| ‘How Video Shapes Urban Experience’,
					  paper presented at the Humanities
					  and Technology Association Conference, ReConfigurations:
					  Arts, Humanities, and Technology
					  in the Urban Environment,
					  Borough of Manhattan Community
					  College, The City University
					  of New York, 7 October 2006. This informal presentation
					  was accompanied by a series
					  of photographs and was introduced as follows.                     
                     
  What
					  I would like to do (as far as
					  I can in a short talk) is to
					  unfold the implications of the
					  phrase I have chosen as my headline,
					  or at least suggest how such
					  and unfolding might proceed.
					  Reflecting on how video shapes
					  urban experience, my thoughts
					  tend to spread, to flow into
					  all the places and gaps in daily
					  life which video has infiltrated
					  and inhabits. From the mainstream
					  of public culture to the backwaters
					  of private life, from mass-consumption
					  at home to closed circuits in
					  the street, from fantastic desires
					  to reality-TV, video binds our
					  experience, twisting and braiding
					  the strands normally separated
				    as ‘public’ and ‘private’.
 The images you are seeing are an accidental
					  inventory of the urban phenomena of video familiar
					  to everyone. I call it an accidental inventory
					  because it is not a systematic survey. I did
					  not go out of my way to take any of these photographs,
					  although I have to admit I have become something
					  of a video spotter, not to say voyeur. Maybe
					  it’s because I don’t have a TV at
					  home.  The photographs demonstrate how a small set
					  of technologies supports a large set of applications
					  at different scales: from the infrastructure
					  of terrestrial, satellite, cable and mobile
					  networks, through the equipment of the home,
					  the workplace, commercial and public spaces,
					  to systems of surveillance and control. Each
					  photograph offers a document which would repay
					  analysis, tracing the web of interactions between
					  of media and architecture, subject and commodity,
					  identity and desire, the city and its phantasmagoria. Describing a few of them might serve to underline
					  the complexity of the topic and how difficult
					  it would be to come to a stable generalised
					  conclusion. As Anna McCarthy points out, video
					  is always site specific, but often in unexpected
					  ways.  Shooting an Indian pop video in central London . (Not) watching a Brazilian soap opera in Bratislava . Playing real pingpong in virtual Shibuya in
					  a London arcade . The President in person, screened for/from
				    the public . Reverent close-up of the Pope and subversion
					  of the architecture of St Peter’s
				    Square .  Sex and the City at the subway entrance . The question is, what does this have to say
					  to a meeting of the humanities and technology
					  association, or rather, what does it say about
					  the association between humanities and technology? My heading, how video shapes urban experience,
					  ought to have the stress first
					  on ‘How’.
					  That is, the ways and means:
					  how the technologies and codes
					  of video appear and operate in
					  urban environments. Video is not only or principally
					  an object: a TV set, billboard screen or DVD.
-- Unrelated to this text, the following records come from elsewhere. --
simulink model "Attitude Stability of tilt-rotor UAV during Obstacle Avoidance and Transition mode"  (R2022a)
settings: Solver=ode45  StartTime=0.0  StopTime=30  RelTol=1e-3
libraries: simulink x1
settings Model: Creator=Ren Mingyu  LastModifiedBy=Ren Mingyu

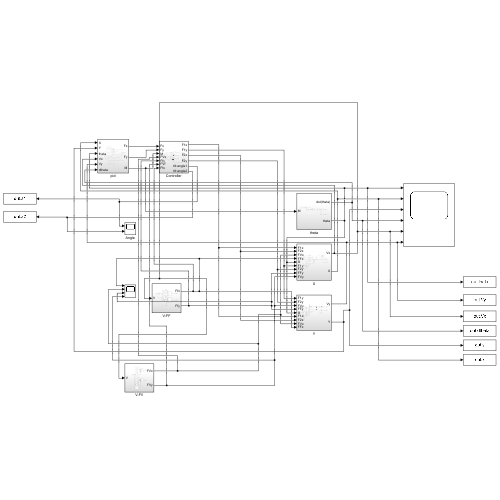
[thumbnail: Simulink's stored preview of the top-level diagram]
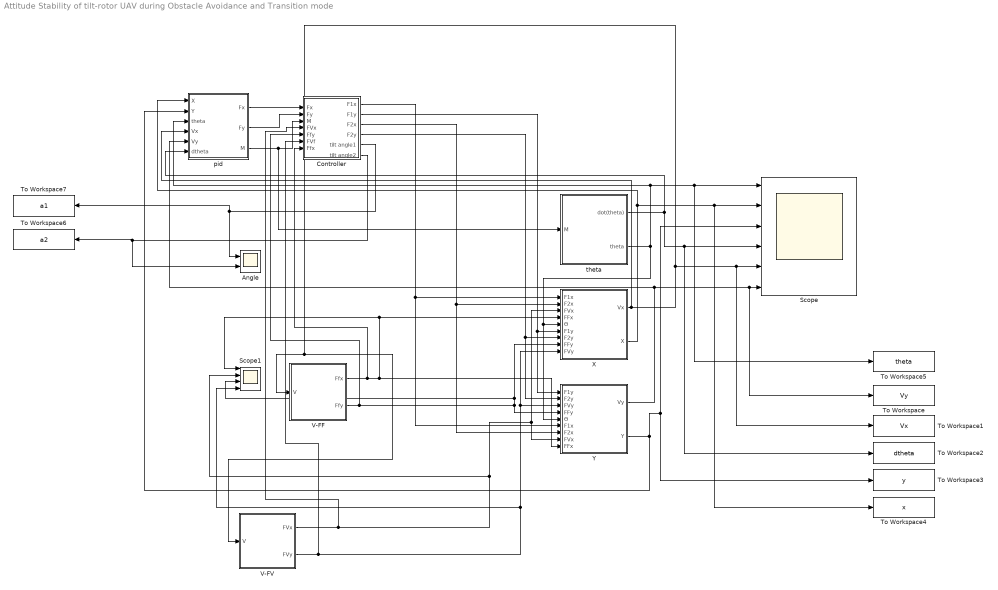
== system Attitude Stability of tilt-rotor UAV during Obstacle Avoidance and Transition mode ==
  Angle : Scope  NumInputPorts=2
  Controller : Subsystem
  Scope : Scope  NumInputPorts=6
  Scope1 : Scope  NumInputPorts=4
  To Workspace : ToWorkspace  VariableName=Vy  SampleTime=-1
      settings: Save2DSignal=2-D array (concatenate along first dimension)
  To Workspace1 : ToWorkspace  VariableName=Vx  SampleTime=-1
      settings: Save2DSignal=2-D array (concatenate along first dimension)
  To Workspace2 : ToWorkspace  VariableName=dtheta  SampleTime=-1
      settings: Save2DSignal=2-D array (concatenate along first dimension)
  To Workspace3 : ToWorkspace  VariableName=y  SaveFormat=Timeseries  SampleTime=-1
  To Workspace4 : ToWorkspace  VariableName=x  SaveFormat=Timeseries  SampleTime=-1
  To Workspace5 : ToWorkspace  VariableName=theta  SampleTime=-1
  To Workspace6 : ToWorkspace  VariableName=a2  SampleTime=-1
      settings: Save2DSignal=2-D array (concatenate along first dimension)
  To Workspace7 : ToWorkspace  VariableName=a1  SampleTime=-1
      settings: Save2DSignal=2-D array (concatenate along first dimension)
  V-FF : Subsystem
  V-FV : Subsystem
  X : Subsystem
  Y : Subsystem
  pid : Subsystem
  theta : Subsystem
  wires:
  V-FV/2(FVy) -> Controller/6(FVf), X/9(FVy), Y/3(FVy), Scope1/4
  V-FV/1(FVx) -> Controller/4(FVx), Y/8(FVx), X/3(FVx), Scope1/2
  Y/2(Y) -> To Workspace3/1, Scope/3, pid/2(Y)
  theta/1(dot(theta)) -> Scope/4, To Workspace2/1, pid/6(dtheta)
  X/1(Vx) -> Scope/5, To Workspace1/1, V-FV/1(V), V-FF/1(V), pid/4(Vx)
  V-FF/1(Ffx) -> Controller/7(Ffx), X/4(FFx), Scope1/1, Y/9(FFx)
  V-FF/2(Ffy) -> Controller/5(Ffy), X/8(FFy), Scope1/3, Y/4(FFy)
  Controller/1(F1x) -> Y/6(F1x), X/1(F1x)
  Controller/2(F1y) -> Y/1(F1y), X/6(F1y)
  Controller/3(F2x) -> Y/7(F2x), X/2(F2x)
  Controller/4(F2y) -> Y/2(F2y), X/7(F2y)
  pid/1(Fx) -> Controller/1(Fx)
  pid/2(Fy) -> Controller/2(Fy)
  pid/3(M) -> theta/1(M), Controller/3(M)
  X/2(X) -> Scope/2, To Workspace4/1, pid/1(X)
  theta/2(theta) -> Y/5(Θ), X/5(Θ), pid/3(theta), Scope/1, To Workspace5/1
  Y/1(Vy) -> To Workspace/1, Scope/6, pid/5(Vy)
  Controller/6(tilt angle2) -> Angle/2, To Workspace6/1
  Controller/5(tilt angle1) -> Angle/1, To Workspace7/1

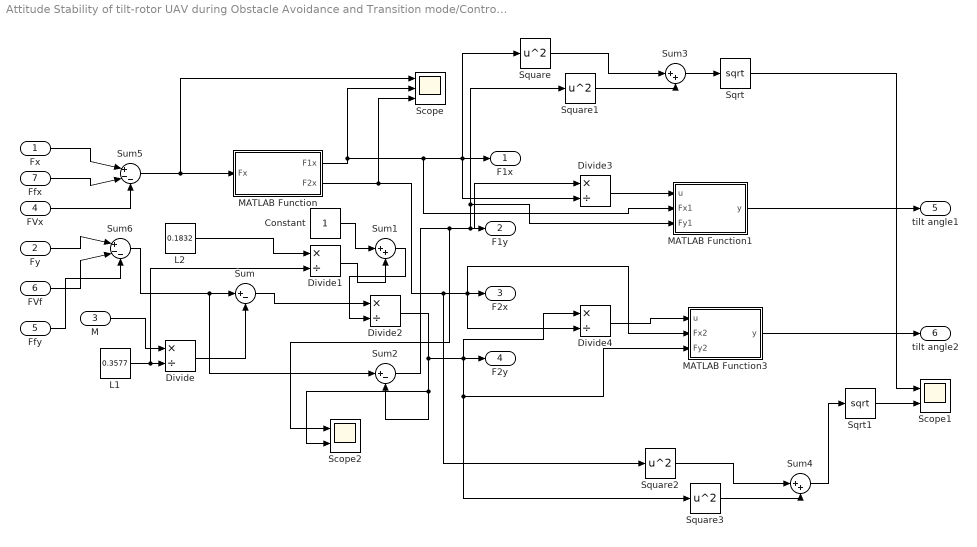
== system Attitude Stability of tilt-rotor UAV during Obstacle Avoidance and Transition mode/Controller ==
  Fx : Inport
  Fy : Inport  Port=2
  M : Inport  Port=3
  FVx : Inport  Port=4
  Ffy : Inport  Port=5
  FVf : Inport  Port=6
  Ffx : Inport  Port=7
  Constant : Constant
  Divide{,1..4} (5 alike) : Product  Inputs=*/
  L1 : Constant  Value=0.3577
  L2 : Constant  Value=0.1832
  MATLAB Function : MATLAB Function  TreatAsAtomicUnit=on
  MATLAB Function1 : MATLAB Function  TreatAsAtomicUnit=on
  MATLAB Function3 : MATLAB Function  TreatAsAtomicUnit=on
  Scope : Scope  NumInputPorts=3
  Scope1 : Scope  NumInputPorts=2
  Scope2 : Scope  NumInputPorts=2
  Sqrt : Sqrt
  Sqrt1 : Sqrt
  Square{,1..3} (4 alike) : Math  Operator=square
  Sum : Sum  Inputs=|+-
  Sum1 : Sum  Inputs=|++
  Sum2 : Sum  Inputs=|+-
  Sum3 : Sum  Inputs=|++
  Sum4 : Sum  Inputs=|++
  Sum5 : Sum  Inputs=|+--
  Sum6 : Sum  Inputs=|+--
  F1x : Outport
  F1y : Outport  Port=2
  F2x : Outport  Port=3
  F2y : Outport  Port=4
  tilt angle1 : Outport  Port=5
  tilt angle2 : Outport  Port=6
  wires:
  M/1 -> Divide/1
  L1/1 -> Divide1/2, Divide/2
  Divide/1 -> Sum/2
  L2/1 -> Divide1/1
  Constant/1 -> Sum1/1
  Divide1/1 -> Sum1/2
  Sum/1 -> Divide2/1
  Sum1/1 -> Divide2/2
  Divide2/1 -> Scope2/2, Sum2/2, MATLAB Function3/3(Fy2), Square3/1, Divide4/1, F2y/1
  Sum2/1 -> Scope2/1, MATLAB Function1/3(Fy1), Square1/1, F1y/1, Divide3/1
  MATLAB Function/1(F1x) -> Scope/2, MATLAB Function1/2(Fx1), Square/1, Divide3/2, F1x/1
  MATLAB Function/2(F2x) -> Scope/3, Square2/1, MATLAB Function3/2(Fx2), Divide4/2, F2x/1
  MATLAB Function1/1(y) -> tilt angle1/1
  MATLAB Function3/1(y) -> tilt angle2/1
  Square/1 -> Sum3/1
  Square1/1 -> Sum3/2
  Sum3/1 -> Sqrt/1
  Sum4/1 -> Sqrt1/1
  Square3/1 -> Sum4/2
  Square2/1 -> Sum4/1
  Sqrt/1 -> Scope1/1
  Sqrt1/1 -> Scope1/2
  Divide3/1 -> MATLAB Function1/1(u)
  Divide4/1 -> MATLAB Function3/1(u)
  Sum5/1 -> Scope/1, MATLAB Function/1(Fx)
  Fx/1 -> Sum5/1
  Ffx/1 -> Sum5/2
  FVx/1 -> Sum5/3
  Sum6/1 -> Sum2/1, Sum/1
  Fy/1 -> Sum6/1
  FVf/1 -> Sum6/2
  Ffy/1 -> Sum6/3

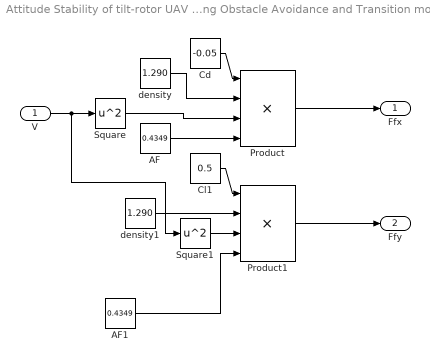
== system Attitude Stability of tilt-rotor UAV during Obstacle Avoidance and Transition mode/V-FF ==
  V : Inport
  AF : Constant  Value=0.4349
  AF1 : Constant  Value=0.4349
  Cd : Constant  Value=-0.05
  Cl1 : Constant  Value=0.5
  Product : Product  Inputs=4
  Product1 : Product  Inputs=4
  Square : Math  Operator=square
  Square1 : Math  Operator=square
  density : Constant  Value=1.290
  density1 : Constant  Value=1.290
  Ffx : Outport
  Ffy : Outport  Port=2
  wires:
  V/1 -> Square1/1, Square/1
  density/1 -> Product/2
  Cd/1 -> Product/1
  Product/1 -> Ffx/1
  density1/1 -> Product1/2
  Cl1/1 -> Product1/1
  Product1/1 -> Ffy/1
  AF1/1 -> Product1/4
  Square1/1 -> Product1/3
  Square/1 -> Product/3
  AF/1 -> Product/4

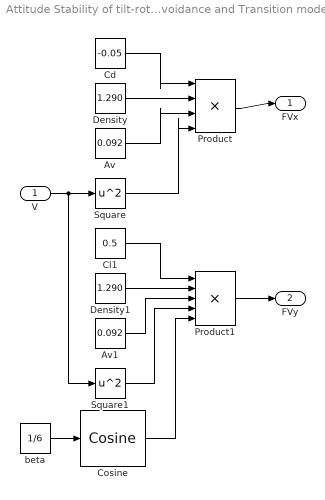
== system Attitude Stability of tilt-rotor UAV during Obstacle Avoidance and Transition mode/V-FV ==
  V : Inport
  Av : Constant  Value=0.092
  Av1 : Constant  Value=0.092
  Cd : Constant  Value=-0.05
  Cl1 : Constant  Value=0.5
  Cosine : simulink/Lookup Tables/Cosine  Formula=cos(2*pi*u)  NumDataPoints=(2^5)+1  OutputWordLength=16  InternalRulePriority=Speed
      settings: SourceProductBaseCode=SL
  Density : Constant  Value=1.290
  Density1 : Constant  Value=1.290
  Product : Product  Inputs=4
  Product1 : Product  Inputs=5
  Square : Math  Operator=square
  Square1 : Math  Operator=square
  beta : Constant  Value=1/6
  FVx : Outport
  FVy : Outport  Port=2
  wires:
  V/1 -> Square1/1, Square/1
  Cd/1 -> Product/1
  Density/1 -> Product/2
  Av/1 -> Product/3
  Square/1 -> Product/4
  Product/1 -> FVx/1
  Square1/1 -> Product1/4
  Density1/1 -> Product1/2
  Cl1/1 -> Product1/1
  Product1/1 -> FVy/1
  Av1/1 -> Product1/3
  beta/1 -> Cosine/1
  Cosine/1 -> Product1/5

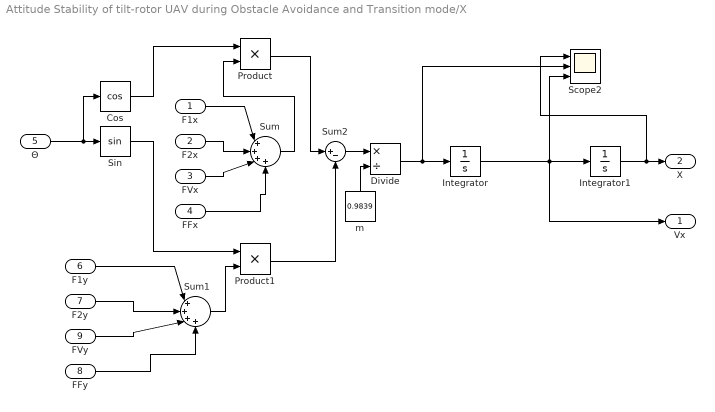
== system Attitude Stability of tilt-rotor UAV during Obstacle Avoidance and Transition mode/X ==
  F1x : Inport
  F2x : Inport  Port=2
  FVx : Inport  Port=3
  FFx : Inport  Port=4
  Θ : Inport  Port=5
  F1y : Inport  Port=6
  F2y : Inport  Port=7
  FFy : Inport  Port=8
  FVy : Inport  Port=9
  Cos : Trigonometry  Operator=cos
  Divide : Product  Inputs=*/
  Integrator : Integrator  InitialCondition=10
  Integrator1 : Integrator
  Product : Product
  Product1 : Product
  Scope2 : Scope  NumInputPorts=3
  Sin : Trigonometry
  Sum : Sum  Inputs=|++++
  Sum1 : Sum  Inputs=|++++
  Sum2 : Sum  Inputs=|+-
  m : Constant  Value=0.9839
  Vx : Outport
  X : Outport  Port=2
  wires:
  m/1 -> Divide/2
  Divide/1 -> Scope2/2, Integrator/1
  Integrator1/1 -> Scope2/1, X/1
  Integrator/1 -> Vx/1, Integrator1/1, Scope2/3
  FVx/1 -> Sum/3
  FFx/1 -> Sum/4
  Θ/1 -> Sin/1, Cos/1
  F1x/1 -> Sum/1
  F2x/1 -> Sum/2
  Sum/1 -> Product/2
  F2y/1 -> Sum1/2
  F1y/1 -> Sum1/1
  FFy/1 -> Sum1/4
  FVy/1 -> Sum1/3
  Sin/1 -> Product1/1
  Sum1/1 -> Product1/2
  Product1/1 -> Sum2/2
  Sum2/1 -> Divide/1
  Cos/1 -> Product/1
  Product/1 -> Sum2/1

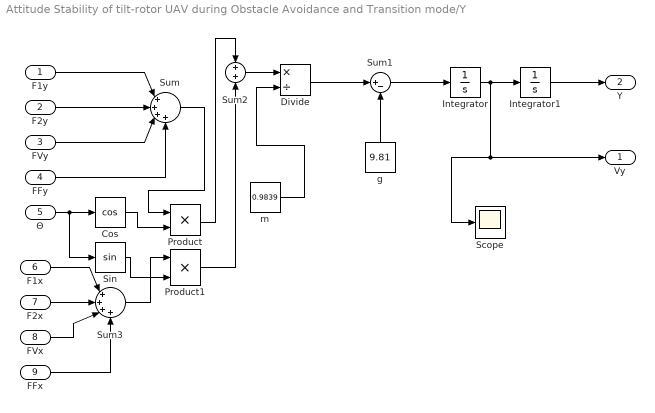
== system Attitude Stability of tilt-rotor UAV during Obstacle Avoidance and Transition mode/Y ==
  F1y : Inport
  F2y : Inport  Port=2
  FVy : Inport  Port=3
  FFy : Inport  Port=4
  Θ : Inport  Port=5
  F1x : Inport  Port=6
  F2x : Inport  Port=7
  FVx : Inport  Port=8
  FFx : Inport  Port=9
  Cos : Trigonometry  Operator=cos
  Divide : Product  Inputs=*/
  Integrator : Integrator
  Integrator1 : Integrator  InitialCondition=5
  Product : Product
  Product1 : Product
  Scope : Scope
  Sin : Trigonometry
  Sum : Sum  Inputs=|++++
  Sum1 : Sum  Inputs=|+-
  Sum2 : Sum
  Sum3 : Sum  Inputs=|++++
  g : Constant  Value=9.81
  m : Constant  Value=0.9839
  Vy : Outport
  Y : Outport  Port=2
  wires:
  m/1 -> Divide/2
  Integrator/1 -> Integrator1/1, Vy/1, Scope/1
  Integrator1/1 -> Y/1
  F2y/1 -> Sum/2
  FVy/1 -> Sum/3
  FFy/1 -> Sum/4
  Divide/1 -> Sum1/1
  Sum1/1 -> Integrator/1
  g/1 -> Sum1/2
  Θ/1 -> Cos/1, Sin/1
  F1y/1 -> Sum/1
  Sum/1 -> Product/1
  Cos/1 -> Product/2
  Sum2/1 -> Divide/1
  Product/1 -> Sum2/1
  Sin/1 -> Product1/2
  Product1/1 -> Sum2/2
  FFx/1 -> Sum3/4
  F1x/1 -> Sum3/1
  F2x/1 -> Sum3/2
  FVx/1 -> Sum3/3
  Sum3/1 -> Product1/1

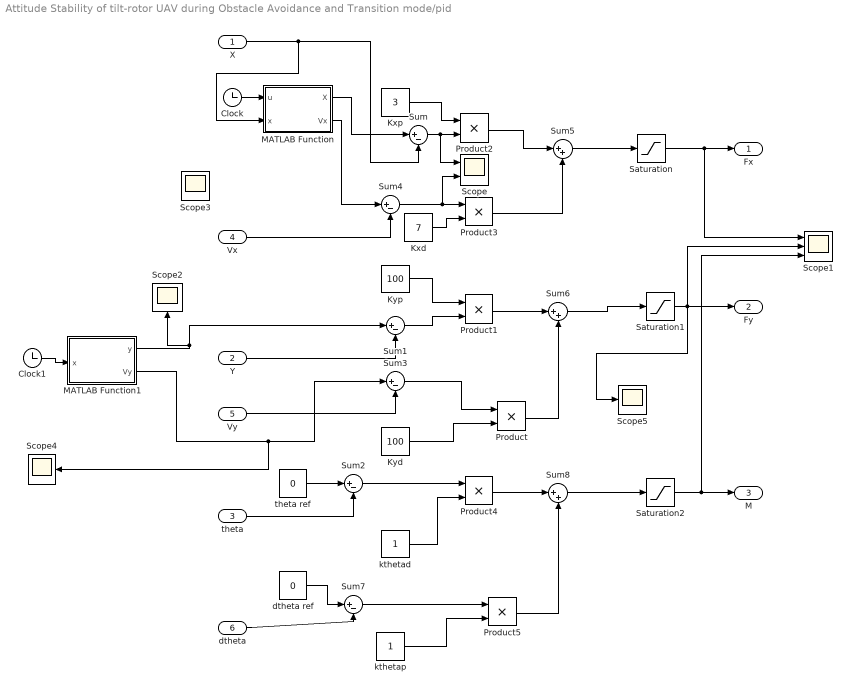
== system Attitude Stability of tilt-rotor UAV during Obstacle Avoidance and Transition mode/pid ==
  X : Inport
  Y : Inport  Port=2
  theta : Inport  Port=3
  Vx : Inport  Port=4
  Vy : Inport  Port=5
  dtheta : Inport  Port=6
  Clock : Clock
  Clock1 : Clock
  Kxd : Constant  Value=7
  Kxp : Constant  Value=3
  Kyd : Constant  Value=100
  Kyp : Constant  Value=100
  MATLAB Function : MATLAB Function  TreatAsAtomicUnit=on
  MATLAB Function1 : MATLAB Function  TreatAsAtomicUnit=on
  Product{,1..5} (6 alike) : Product
  Saturation : Saturate  UpperLimit=1000000000  LowerLimit=-200
  Saturation1 : Saturate  UpperLimit=1000000000  LowerLimit=-200
  Saturation2 : Saturate  UpperLimit=1000000000  LowerLimit=0
  Scope : Scope  NumInputPorts=2
  Scope1 : Scope  NumInputPorts=3
  Scope{2..5} (4 alike) : Scope
  Sum{,1..4,7} (6 alike) : Sum  Inputs=|+-
  Sum5 : Sum  Inputs=|++
  Sum6 : Sum  Inputs=|++
  Sum8 : Sum  Inputs=|++
  dtheta ref : Constant  Value=0
  kthetad : Constant
  kthetap : Constant
  theta ref : Constant  Value=0
  Fx : Outport
  Fy : Outport  Port=2
  M : Outport  Port=3
  wires:
  Y/1 -> Sum1/2
  theta/1 -> Sum2/2
  Vx/1 -> Sum4/2
  Vy/1 -> Sum3/2
  X/1 -> MATLAB Function/2(x), Sum/2
  MATLAB Function1/1(y) -> Sum1/1, Scope2/1
  theta ref/1 -> Sum2/1
  Sum3/1 -> Product/1
  Kyd/1 -> Product/2
  Sum1/1 -> Product1/2
  Kyp/1 -> Product1/1
  Kxp/1 -> Product2/1
  Sum/1 -> Scope/1, Product2/2
  Sum4/1 -> Scope/2, Product3/1
  Kxd/1 -> Product3/2
  Product2/1 -> Sum5/1
  Product3/1 -> Sum5/2
  Sum5/1 -> Saturation/1
  Product1/1 -> Sum6/1
  Product/1 -> Sum6/2
  Sum6/1 -> Saturation1/1
  dtheta ref/1 -> Sum7/1
  dtheta/1 -> Sum7/2
  Sum2/1 -> Product4/1
  kthetad/1 -> Product4/2
  Product4/1 -> Sum8/1
  kthetap/1 -> Product5/2
  Sum7/1 -> Product5/1
  Product5/1 -> Sum8/2
  Sum8/1 -> Saturation2/1
  Saturation/1 -> Scope1/1, Fx/1
  Saturation1/1 -> Scope1/2, Scope5/1, Fy/1
  Saturation2/1 -> Scope1/3, M/1
  Clock1/1 -> MATLAB Function1/1(x)
  MATLAB Function/1(X) -> Sum/1
  MATLAB Function1/2(Vy) -> Sum3/1, Scope4/1
  Clock/1 -> MATLAB Function/1(u)
  MATLAB Function/2(Vx) -> Sum4/1

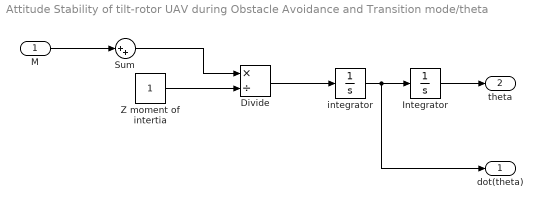
== system Attitude Stability of tilt-rotor UAV during Obstacle Avoidance and Transition mode/theta ==
  M : Inport
  Divide : Product  Inputs=*/
  Integrator : Integrator
  Sum : Sum  Inputs=|++
  Z moment of intertia : Constant
  integrator : Integrator
  dot(theta) : Outport
  theta : Outport  Port=2
  wires:
  Z moment of intertia/1 -> Divide/2
  Divide/1 -> integrator/1
  integrator/1 -> dot(theta)/1, Integrator/1
  Integrator/1 -> theta/1
  M/1 -> Sum/1
  Sum/1 -> Divide/1

== matlab function Attitude Stability of tilt-rotor UAV during Obstacle Avoidance and Transition mode/Controller/MATLAB Function ==
  data: Fx input; F1x output; F2x output
function [F1x, F2x] = solveQP(Fx)
    % 定义目标函数
    fun = @(x) x(1)^2 + x(2)^2;

    % 定义等式约束
    Aeq = [1, 1];
    beq = Fx;

    % 定义不等式约束
    nonlcon = @(x) deal(x(1)^2 + x(2)^2 - 200, []);

    % 定义变量的下界
    lb = [-200, -200];

    % 定义初始点
    x0 = [Fx/2; Fx/2];

    % 定义选项
    options = optimoptions('fmincon','Algorithm','sqp');

    % 调用fmincon函数求解优化问题
    x = fmincon(fun, x0, [], [], Aeq, beq, lb, [], nonlcon, options);

    % 提取解
    F1x = x(1);
    F2x = x(2);
end

== matlab function Attitude Stability of tilt-rotor UAV during Obstacle Avoidance and Transition mode/pid/MATLAB Function ==
  data: u input; X output; Vx output; x input
function [X,Vx] = fcn(u,x)
if u<=20
    X = u;
    Vx=1;
elseif 20<u && u<=25
    Vx=1-(u-20)/5;
    X=x;
else 
    Vx=0;
    X=x;
end

== matlab function Attitude Stability of tilt-rotor UAV during Obstacle Avoidance and Transition mode/Controller/MATLAB Function1 ==
  data: u input; y output; Fx1 input; Fy1 input
function y = fcn(u,Fx1,Fy1)
if Fx1>=0 && Fy1>=0
    y=atan(u)*180/pi;
elseif Fx1<=0 && Fy1>=0
    y=atan(u)*180/pi+180;
elseif Fx1<=0 && Fy1<=0
    y=atan(u)*180/pi+180;
else
    y=atan(u)*180/pi;
end

== matlab function Attitude Stability of tilt-rotor UAV during Obstacle Avoidance and Transition mode/pid/MATLAB Function1 ==
  data: x input; y output; Vy output
function [y,Vy] = fcn(x)
if x<=20
a0  =  7.5087;  
a1=-2.1673;
b1  =  4.7392;   
a2   = -0.2270 ;   
b2  =  -0.5158 ;  
a3  =  0.1598  ;  
b3  =  -0.3852  ;  
a4  =  0.1270  ;  
b4  =  0.2219  ;   
a5  =  -0.2227 ;   
b5  =  0.0365 ;    
w  =   0.3127  ;

y = a0 + a1*cos(x*w) + b1*sin(x*w) + a2*cos(2*x*w) + b2*sin(2*x*w) + a3*cos(3*x*w) + b3*sin(3*x*w) + a4*cos(4*x*w) + b4*sin(4*x*w) + a5*cos(5*x*w) + b5*sin(5*x*w);
Vy= -w*a1*sin(x*w) + w*b1*cos(x*w) - 2*w*a2*sin(2*x*w) + 2*w*b2*cos(2*x*w) -3*w* a3*sin(3*x*w) + 3*w*b3*cos(3*x*w) -4*w*a4*sin(4*x*w) + 4*w*b4*cos(4*x*w) -5*w*a5*sin(5*x*w) + 5*w*b5*cos(5*x*w);
elseif 20<x && x<=25.075
    y=5.075-(x-20);
    Vy=1;
else 
    y=0;
    Vy=1-1*(x-25.075)/4.925;
end

== matlab function Attitude Stability of tilt-rotor UAV during Obstacle Avoidance and Transition mode/Controller/MATLAB Function3 ==
  data: u input; y output; Fx2 input; Fy2 input
function y = fcn(u,Fx2,Fy2)
if Fx2>=0 && Fy2>=0
    y=atan(u)*180/pi;
elseif Fx2<=0 && Fy2>=0
    y=atan(u)*180/pi+180;
elseif Fx2<=0 && Fy2<=0
    y=atan(u)*180/pi+180;
else
    y=atan(u)*180/pi;
end

					  Neither is video only or principally a text,
					  a TV show, art work or advertisement. Video
					  is a set of mediating devices and must be counted
					  among what are called ‘pervasive technologies’.  Secondly, I would emphasise that ‘Experience’ implies
					  a subject, a situation and the relationship
					  between them. We would have to take account
					  of the role of video in forming subjectivities,
					  the impact of video on the material and social
					  environments of the city and the potential of
					  video as an artistic medium to give form to
					  experience. Experience is both formed and informed
					  by video, and the subject both identified and
					  conditioned by it. We could pertinently ask
					  whether a given use of video assumes or constructs
					  the subject as a citizen, a consumer or a suspect;
					  a participant or a voyeur; an individual or
					  a member of a collective. We should also ask
					  under what conditions the urban subject conforms
					  with such assumptions. We should examine how
					  we become the subjects of video’s seeing:
					  in front of the TV set, with camcorder or cell
					  phone in hand, and under the watchful eye of
					  video surveillance. It’s pointless to claim that video is ‘essentially’ about
					  distance, for example, or ‘essentially’ about presence,
					  as one still finds — in my opinion, almost
					  as implausibly — in
					  discussions of cinema and theatre
					  and, for that mattter, karaoke,
					  as if these effects were caused
					  by the technology. Video gives
					  the lie to the claim that can
					  still be heard in discussions
					  of art and literature that reflexivity
					  is the mark of the avant-garde.
					  It is almost the norm on TV.
					  It is the aesthetic lure of surveillance.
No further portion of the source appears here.